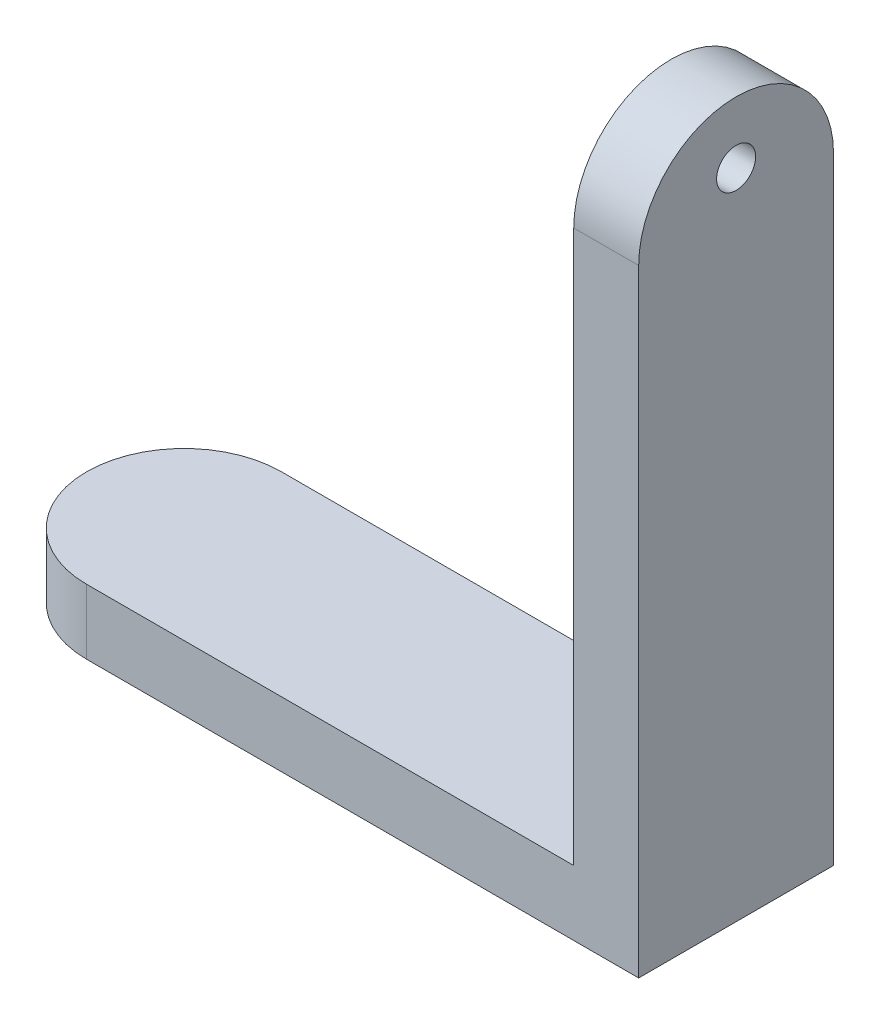
from build123d import *

# Parameters (mm, degrees)
SKETCH1_W           = 25.4
SKETCH1_H           = 7.62
BOSS_EXTRUDE1_DEPTH = 2.54
SKETCH3_W           = 2.54
SKETCH3_H           = 7.62
BOSS_EXTRUDE3_DEPTH = 25.4
FILLET1_RADIUS      = 3.81
FILLET1_LENGTH      = 2.54
SKETCH5_R           = 0.762
CUT_EXTRUDE1_DEPTH  = 25.4
FILLET2_RADIUS      = 3.81
FILLET2_LENGTH      = 2.54


with BuildPart() as part:
    # Sketch1 → Boss-Extrude1 (new body)
    with BuildSketch(Plane(origin=(0, 0, 0), x_dir=(1, 0, 0), z_dir=(0, 1, 0))):
        Rectangle(SKETCH1_W, SKETCH1_H)
    extrude(amount=BOSS_EXTRUDE1_DEPTH)

    # Sketch3 → Boss-Extrude3 (add)
    with BuildSketch(Plane(origin=(0, 2.54, 0), x_dir=(1, 0, 0), z_dir=(0, 1, 0))):
        with Locations((11.43, 0)):
            Rectangle(SKETCH3_W, SKETCH3_H)
    extrude(amount=BOSS_EXTRUDE3_DEPTH)

    # Fillet1: full round fillet: the end face becomes a half cylinder, R = half its width
    fillet1_face = Plane((-12.7, 1.27, 0), x_dir=(0, -1, 0), z_dir=(-1, 0, 0))  # on the end face: x along it, z out of the body
    fillet1_slab = fillet1_face.offset(-FILLET1_RADIUS / 2) * Box(FILLET1_LENGTH, 2 * FILLET1_RADIUS, FILLET1_RADIUS, mode=Mode.PRIVATE)  # the body's end, R deep
    fillet1_round = Plane((-8.89, 1.27, 0), x_dir=(-1, 0, 0), z_dir=(0, -1, 0)) * Cylinder(FILLET1_RADIUS, FILLET1_LENGTH, mode=Mode.PRIVATE)  # its axis R under the face
    add(fillet1_slab - fillet1_round, mode=Mode.SUBTRACT)

    # Sketch5 → Cut-Extrude1 (cut)
    with BuildSketch(Plane.ZY.offset(-10.16)):
        with Locations((0, 25.531689307)):
            Circle(SKETCH5_R)
    extrude(amount=-CUT_EXTRUDE1_DEPTH, mode=Mode.SUBTRACT)

    # Fillet2: full round fillet: the end face becomes a half cylinder, R = half its width
    fillet2_face = Plane((11.43, 27.94, 0), x_dir=(-1, 0, 0), z_dir=(0, 1, 0))  # on the end face: x along it, z out of the body
    fillet2_slab = fillet2_face.offset(-FILLET2_RADIUS / 2) * Box(FILLET2_LENGTH, 2 * FILLET2_RADIUS, FILLET2_RADIUS, mode=Mode.PRIVATE)  # the body's end, R deep
    fillet2_round = Plane((11.43, 24.13, 0), x_dir=(0, 1, 0), z_dir=(-1, 0, 0)) * Cylinder(FILLET2_RADIUS, FILLET2_LENGTH, mode=Mode.PRIVATE)  # its axis R under the face
    add(fillet2_slab - fillet2_round, mode=Mode.SUBTRACT)


solid = part.part
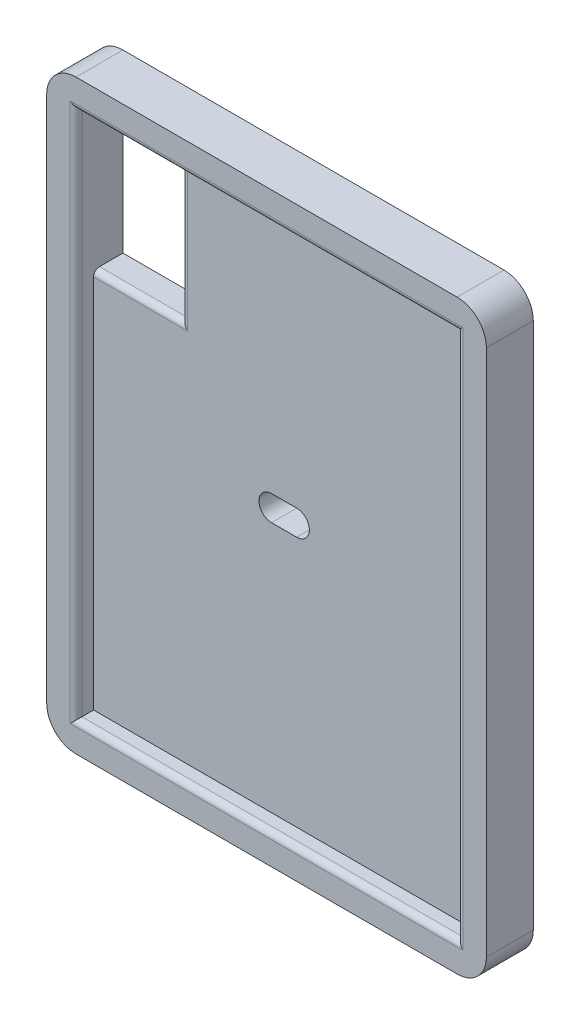
from build123d import *

# Parameters (mm, degrees)
SKETCH1_W           = 100
SKETCH1_H           = 75
BOSS_EXTRUDE1_DEPTH = 5
SKETCH2_W           = 75
SKETCH2_H           = 100
SKETCH2_W_2         = 65
SKETCH2_H_2         = 90
BOSS_EXTRUDE2_DEPTH = 3
SKETCH3_W           = 15
SKETCH3_H           = 25
CUT_EXTRUDE1_DEPTH  = 63.69968102
FILLET1_R           = 5
FILLET2_R           = 1


with BuildPart() as part:
    # Sketch1 → Boss-Extrude1 (new body)
    with BuildSketch(Plane(origin=(0, 0, 0), x_dir=(0, 1, 0), z_dir=(0, 0, 1))):
        Rectangle(SKETCH1_W, SKETCH1_H)
    extrude(amount=BOSS_EXTRUDE1_DEPTH)

    # Sketch2 → Boss-Extrude2 (add)
    with BuildSketch(Plane.XY.offset(5)):
        Rectangle(SKETCH2_W, SKETCH2_H)
        Rectangle(SKETCH2_W_2, SKETCH2_H_2, mode=Mode.SUBTRACT)
    extrude(amount=BOSS_EXTRUDE2_DEPTH)

    # Sketch3 → Cut-Extrude1 (cut, through all)
    with BuildSketch(Plane.XY.offset(5)):
        with Locations((-25, 32.5)):
            Rectangle(SKETCH3_W, SKETCH3_H)
        with BuildLine():
            Line((-2.15, 2.15), (2.15, 2.15))
            ThreePointArc((2.15, 2.15), (4.3, 0), (2.15, -2.15))
            Line((2.15, -2.15), (-2.15, -2.15))
            ThreePointArc((-2.15, -2.15), (-4.3, 0), (-2.15, 2.15))
        make_face()
    extrude(amount=-CUT_EXTRUDE1_DEPTH, mode=Mode.SUBTRACT)

    # Fillet1
    fillet1_edges = [part.edges().sort_by_distance(p)[0] for p in [
        (37.5, 50, 4),
        (37.5, -50, 4),
        (-37.5, -50, 4),
        (-37.5, 50, 4),
    ]]
    fillet(fillet1_edges, radius=FILLET1_R)

    # Fillet2
    fillet2_edges = [part.edges().sort_by_distance(p)[0] for p in [
        (32.5, 0, 8),
        (0, 45, 8),
        (-32.5, 0, 8),
        (0, -45, 8),
        (-25, 20, 5),
        (-17.5, 32.5, 5),
    ]]
    fillet(fillet2_edges, radius=FILLET2_R)


solid = part.part
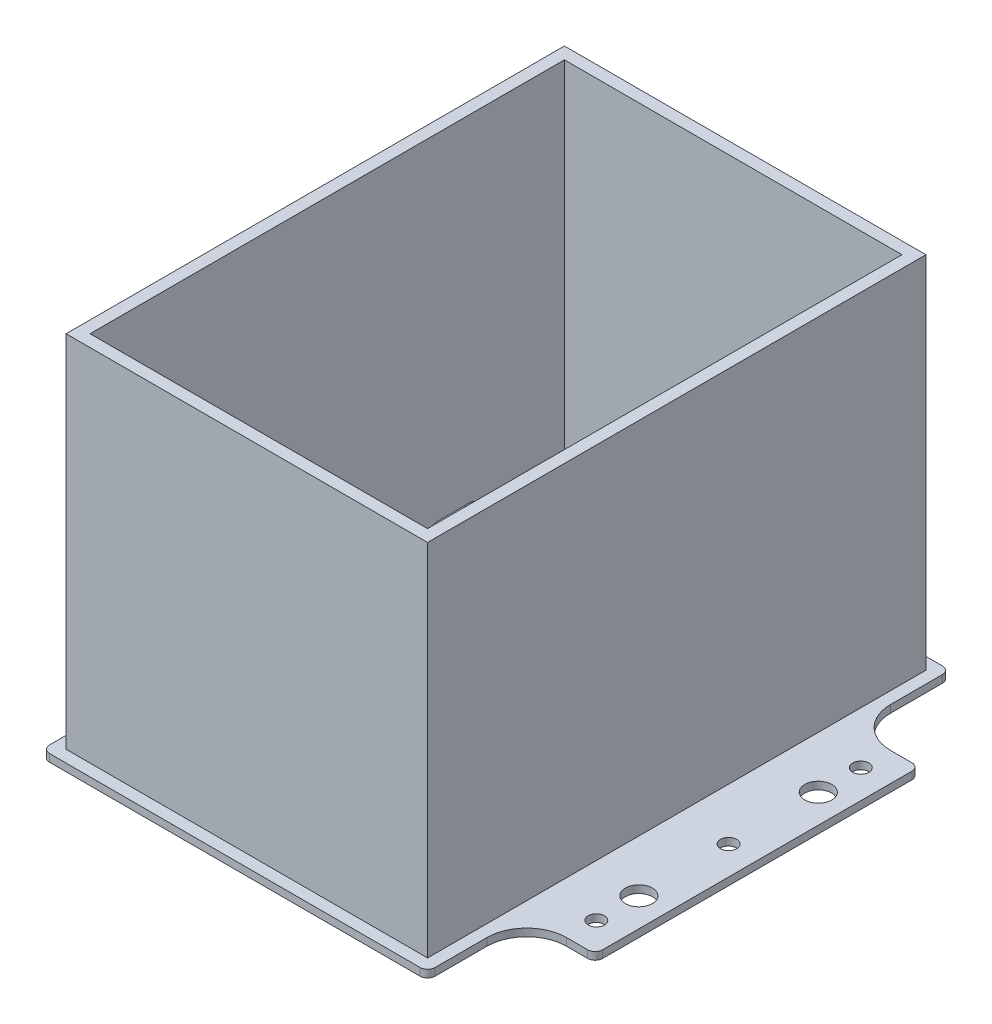
from build123d import *

# Parameters (mm, degrees)
SKETCH1_R              = 1.7145
SKETCH1_R_2            = 2.8575
BASE_DEPTH             = 1.6002
SKETCH3_W              = 6.35
SKETCH3_H              = 69.255343758
BREADBOARD_SLICE_DEPTH = 0.8001
RPI_HOLES_SIZING_R     = 1.35
RPI_HOLES_DEPTH        = 157.444245717
WALL_BASE_W            = 76.5556
WALL_BASE_H            = 105.537
WALL_BASE_W_2          = 71.4756
WALL_BASE_H_2          = 100.457
WALL_DEPTH             = 76.2
USBC_DEPTH             = 2.54


with BuildPart() as part:
    # Sketch1 → Base (new body)
    with BuildSketch(Plane(origin=(0, 0, 0), x_dir=(1, 0, 0), z_dir=(0, 1, 0))):
        with BuildLine():
            Line((0, 22.5679), (0, 88.0491))
            ThreePointArc((0, 88.0491), (0.461248241, 89.162651759), (1.5748, 89.6239))
            Line((1.5748, 89.6239), (6.0579, 89.6239))
            ThreePointArc((6.0579, 89.6239), (12.020790064, 92.093809936), (14.4907, 98.0567))
            Line((14.4907, 98.0567), (14.4907, 109.0422))
            ThreePointArc((14.4907, 109.0422), (14.951948241, 110.155751759), (16.0655, 110.617))
            Line((16.0655, 110.617), (94.5515, 110.617))
            ThreePointArc((94.5515, 110.617), (95.665051759, 110.155751759), (96.1263, 109.0422))
            Line((96.1263, 109.0422), (96.1263, 98.0567))
            ThreePointArc((96.1263, 98.0567), (98.596209936, 92.093809936), (104.5591, 89.6239))
            Line((104.5591, 89.6239), (109.0422, 89.6239))
            ThreePointArc((109.0422, 89.6239), (110.155751759, 89.162651759), (110.617, 88.0491))
            Line((110.617, 88.0491), (110.617, 22.5679))
            ThreePointArc((110.617, 22.5679), (110.155751759, 21.454348241), (109.0422, 20.9931))
            Line((109.0422, 20.9931), (104.5591, 20.9931))
            ThreePointArc((104.5591, 20.9931), (98.596209936, 18.523190064), (96.1263, 12.5603))
            Line((96.1263, 12.5603), (96.1263, 1.5748))
            ThreePointArc((96.1263, 1.5748), (95.665051759, 0.461248241), (94.5515, 0))
            Line((94.5515, 0), (16.0655, 0))
            ThreePointArc((16.0655, 0), (14.951948241, 0.461248241), (14.4907, 1.5748))
            Line((14.4907, 1.5748), (14.4907, 12.5603))
            ThreePointArc((14.4907, 12.5603), (12.020790064, 18.523190064), (6.0579, 20.9931))
            Line((6.0579, 20.9931), (1.5748, 20.9931))
            ThreePointArc((1.5748, 20.9931), (0.461248241, 21.454348241), (0, 22.5679))
        make_face()
        with Locations(Location((6.0579, 83.312, 0), (0, 0, 270))):
            Circle(SKETCH1_R, mode=Mode.SUBTRACT)
        with Locations(Location((6.0579, 27.305, 0), (0, 0, 270))):
            Circle(SKETCH1_R, mode=Mode.SUBTRACT)
        with Locations(Location((6.0579, 55.3085, 0), (0, 0, 270))):
            Circle(SKETCH1_R, mode=Mode.SUBTRACT)
        with Locations(Location((104.5591, 83.312, 0), (0, 0, 270))):
            Circle(SKETCH1_R, mode=Mode.SUBTRACT)
        with Locations(Location((104.5591, 55.3085, 0), (0, 0, 270))):
            Circle(SKETCH1_R, mode=Mode.SUBTRACT)
        with Locations(Location((104.5591, 27.305, 0), (0, 0, 270))):
            Circle(SKETCH1_R, mode=Mode.SUBTRACT)
        with Locations(Location((6.0579, 74.3077, 0), (0, 0, 270))):
            Circle(SKETCH1_R_2, mode=Mode.SUBTRACT)
        with Locations(Location((104.5591, 74.3077, 0), (0, 0, 270))):
            Circle(SKETCH1_R_2, mode=Mode.SUBTRACT)
        with Locations(Location((104.5591, 36.3093, 0), (0, 0, 270))):
            Circle(SKETCH1_R_2, mode=Mode.SUBTRACT)
        with Locations(Location((6.0579, 36.3093, 0), (0, 0, 270))):
            Circle(SKETCH1_R_2, mode=Mode.SUBTRACT)
    extrude(amount=BASE_DEPTH)

    # Sketch3 → Breadboard Slice (cut)
    with BuildSketch(Plane(origin=(0, 1.6002, 0), x_dir=(1, 0, 0), z_dir=(0, 1, 0))):
        with Locations((86.546861599, 55.3085)):
            Rectangle(SKETCH3_W, SKETCH3_H)
    extrude(amount=-BREADBOARD_SLICE_DEPTH, mode=Mode.SUBTRACT)

    # RPi Holes + Sizing → RPi Holes (cut, through all)
    with BuildSketch(Plane(origin=(0, 1.6002, 0), x_dir=(1, 0, 0), z_dir=(0, 1, 0))):
        with Locations(Location((27.525509773, 93.558267586, 0), (0, 0, 270))):
            Circle(RPI_HOLES_SIZING_R)
        with Locations(Location((76.525509773, 93.558267586, 0), (0, 0, 270))):
            Circle(RPI_HOLES_SIZING_R)
        with Locations(Location((27.525509773, 35.558267586, 0), (0, 0, 270))):
            Circle(RPI_HOLES_SIZING_R)
        with Locations(Location((76.525509773, 35.558267586, 0), (0, 0, 270))):
            Circle(RPI_HOLES_SIZING_R)
    extrude(amount=-RPI_HOLES_DEPTH, mode=Mode.SUBTRACT)

    # Wall Base → Wall (add)
    with BuildSketch(Plane(origin=(0, 1.6002, 0), x_dir=(1, 0, 0), z_dir=(0, 1, 0))):
        with Locations((55.3085, 55.3085)):
            Rectangle(WALL_BASE_W, WALL_BASE_H)
        with Locations((55.3085, 55.3085)):
            Rectangle(WALL_BASE_W_2, WALL_BASE_H_2, mode=Mode.SUBTRACT)
    extrude(amount=WALL_DEPTH)

    # Sketch6 → USBC (cut)
    with BuildSketch(Plane.ZY.offset(-17.0307)):
        with BuildLine():
            Line((-85.633722135, 3.1002), (-78.783322135, 3.1002))
            ThreePointArc((-78.783322135, 3.1002), (-77.669770376, 3.561448241), (-77.208522135, 4.675))
            Line((-77.208522135, 4.675), (-77.208522135, 5.0254))
            ThreePointArc((-77.208522135, 5.0254), (-77.669770376, 6.138951759), (-78.783322135, 6.6002))
            Line((-78.783322135, 6.6002), (-85.633722135, 6.6002))
            ThreePointArc((-85.633722135, 6.6002), (-86.747273894, 6.138951759), (-87.208522135, 5.0254))
            Line((-87.208522135, 5.0254), (-87.208522135, 4.675))
            ThreePointArc((-87.208522135, 4.675), (-86.747273894, 3.561448241), (-85.633722135, 3.1002))
        make_face()
    extrude(amount=-USBC_DEPTH, mode=Mode.SUBTRACT)


solid = part.part
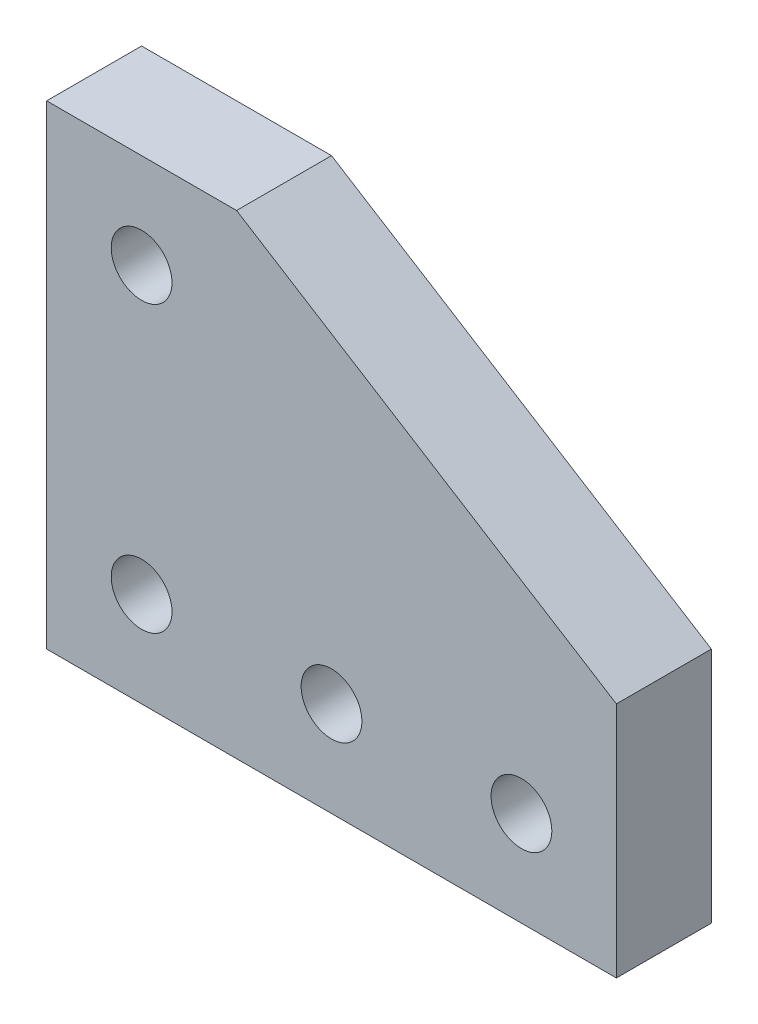
from build123d import *

# Parameters (mm, degrees)
SKETCH1_W               = 30
SKETCH1_H               = 25
BOSS_EXTRUDE1_DEPTH     = 5
CUT_EXTRUDE1_REACH      = 22.156
SKETCH2_R               = 1.6
CUT_EXTRUDE2_DEPTH      = 21.155644371
CUT_EXTRUDE2_DEPTH_BACK = 5


with BuildPart() as part:
    # Sketch1 → Boss-Extrude1 (new body)
    with BuildSketch(Plane.XY):
        Rectangle(SKETCH1_W, SKETCH1_H)
    extrude(amount=BOSS_EXTRUDE1_DEPTH)

    # Sketch2 → Cut-Extrude1 (cut, up to next)
    with BuildSketch(Plane.XY.offset(5), mode=Mode.PRIVATE) as cut_extrude1_sk1:
        with Locations((-10, -7.5)):
            Circle(SKETCH2_R)
    cut_extrude1_tool1 = extrude(cut_extrude1_sk1.sketch, amount=-CUT_EXTRUDE1_REACH, mode=Mode.PRIVATE) & part.part
    # Sketch2 → Cut-Extrude1 (cut, up to next)
    with BuildSketch(Plane.XY.offset(5), mode=Mode.PRIVATE) as cut_extrude1_sk2:
        with Locations((0, -7.5)):
            Circle(SKETCH2_R)
    cut_extrude1_tool2 = extrude(cut_extrude1_sk2.sketch, amount=-CUT_EXTRUDE1_REACH, mode=Mode.PRIVATE) & part.part
    # Sketch2 → Cut-Extrude1 (cut, up to next)
    with BuildSketch(Plane.XY.offset(5), mode=Mode.PRIVATE) as cut_extrude1_sk3:
        with Locations((10, -7.5)):
            Circle(SKETCH2_R)
    cut_extrude1_tool3 = extrude(cut_extrude1_sk3.sketch, amount=-CUT_EXTRUDE1_REACH, mode=Mode.PRIVATE) & part.part
    # Sketch2 → Cut-Extrude1 (cut, up to next)
    with BuildSketch(Plane.XY.offset(5), mode=Mode.PRIVATE) as cut_extrude1_sk4:
        with Locations((-10, 7.5)):
            Circle(SKETCH2_R)
    cut_extrude1_tool4 = extrude(cut_extrude1_sk4.sketch, amount=-CUT_EXTRUDE1_REACH, mode=Mode.PRIVATE) & part.part
    add(cut_extrude1_tool1.solids().sort_by_distance((-10, -7.5, 5))[0], mode=Mode.SUBTRACT)
    add(cut_extrude1_tool2.solids().sort_by_distance((0, -7.5, 5))[0], mode=Mode.SUBTRACT)
    add(cut_extrude1_tool3.solids().sort_by_distance((10, -7.5, 5))[0], mode=Mode.SUBTRACT)
    add(cut_extrude1_tool4.solids().sort_by_distance((-10, 7.5, 5))[0], mode=Mode.SUBTRACT)

    # Sketch3 → Cut-Extrude2 (cut, two sides: drawn at the far end of the back side and taken through both)
    with BuildSketch(Plane.XY.offset(5).offset(-CUT_EXTRUDE2_DEPTH_BACK)):
        Polygon((-68.5998728, 52.2499205), (-5, 12.5), (15, 0), (78.5998728, -39.7499205), (158.099713801, 87.449825101), (10.8999682, 179.449666101), align=None)
    extrude(amount=CUT_EXTRUDE2_DEPTH + CUT_EXTRUDE2_DEPTH_BACK, mode=Mode.SUBTRACT)


solid = part.part
:::::
§ ASSIGNED TASK
Write out exactly the lines of the material above, starting with the first and finishing with the line that contains "z_dir=(0, -1, 0))", without pictures.

§ THE ANSWER
from build123d import *

# Parameters (mm, degrees)
SKETCH1_W           = 25.4
SKETCH1_H           = 7.62
BOSS_EXTRUDE1_DEPTH = 2.54
SKETCH3_W           = 2.54
SKETCH3_H           = 7.62
BOSS_EXTRUDE3_DEPTH = 25.4
FILLET1_RADIUS      = 3.81
FILLET1_LENGTH      = 2.54
SKETCH5_R           = 0.762
CUT_EXTRUDE1_DEPTH  = 25.4
FILLET2_RADIUS      = 3.81
FILLET2_LENGTH      = 2.54


with BuildPart() as part:
    # Sketch1 → Boss-Extrude1 (new body)
    with BuildSketch(Plane(origin=(0, 0, 0), x_dir=(1, 0, 0), z_dir=(0, 1, 0))):
        Rectangle(SKETCH1_W, SKETCH1_H)
    extrude(amount=BOSS_EXTRUDE1_DEPTH)

    # Sketch3 → Boss-Extrude3 (add)
    with BuildSketch(Plane(origin=(0, 2.54, 0), x_dir=(1, 0, 0), z_dir=(0, 1, 0))):
        with Locations((11.43, 0)):
            Rectangle(SKETCH3_W, SKETCH3_H)
    extrude(amount=BOSS_EXTRUDE3_DEPTH)

    # Fillet1: full round fillet: the end face becomes a half cylinder, R = half its width
    fillet1_face = Plane((-12.7, 1.27, 0), x_dir=(0, -1, 0), z_dir=(-1, 0, 0))  # on the end face: x along it, z out of the body
    fillet1_slab = fillet1_face.offset(-FILLET1_RADIUS / 2) * Box(FILLET1_LENGTH, 2 * FILLET1_RADIUS, FILLET1_RADIUS, mode=Mode.PRIVATE)  # the body's end, R deep
    fillet1_round = Plane((-8.89, 1.27, 0), x_dir=(-1, 0, 0), z_dir=(0, -1, 0)) * Cylinder(FILLET1_RADIUS, FILLET1_LENGTH, mode=Mode.PRIVATE)  # its axis R under the face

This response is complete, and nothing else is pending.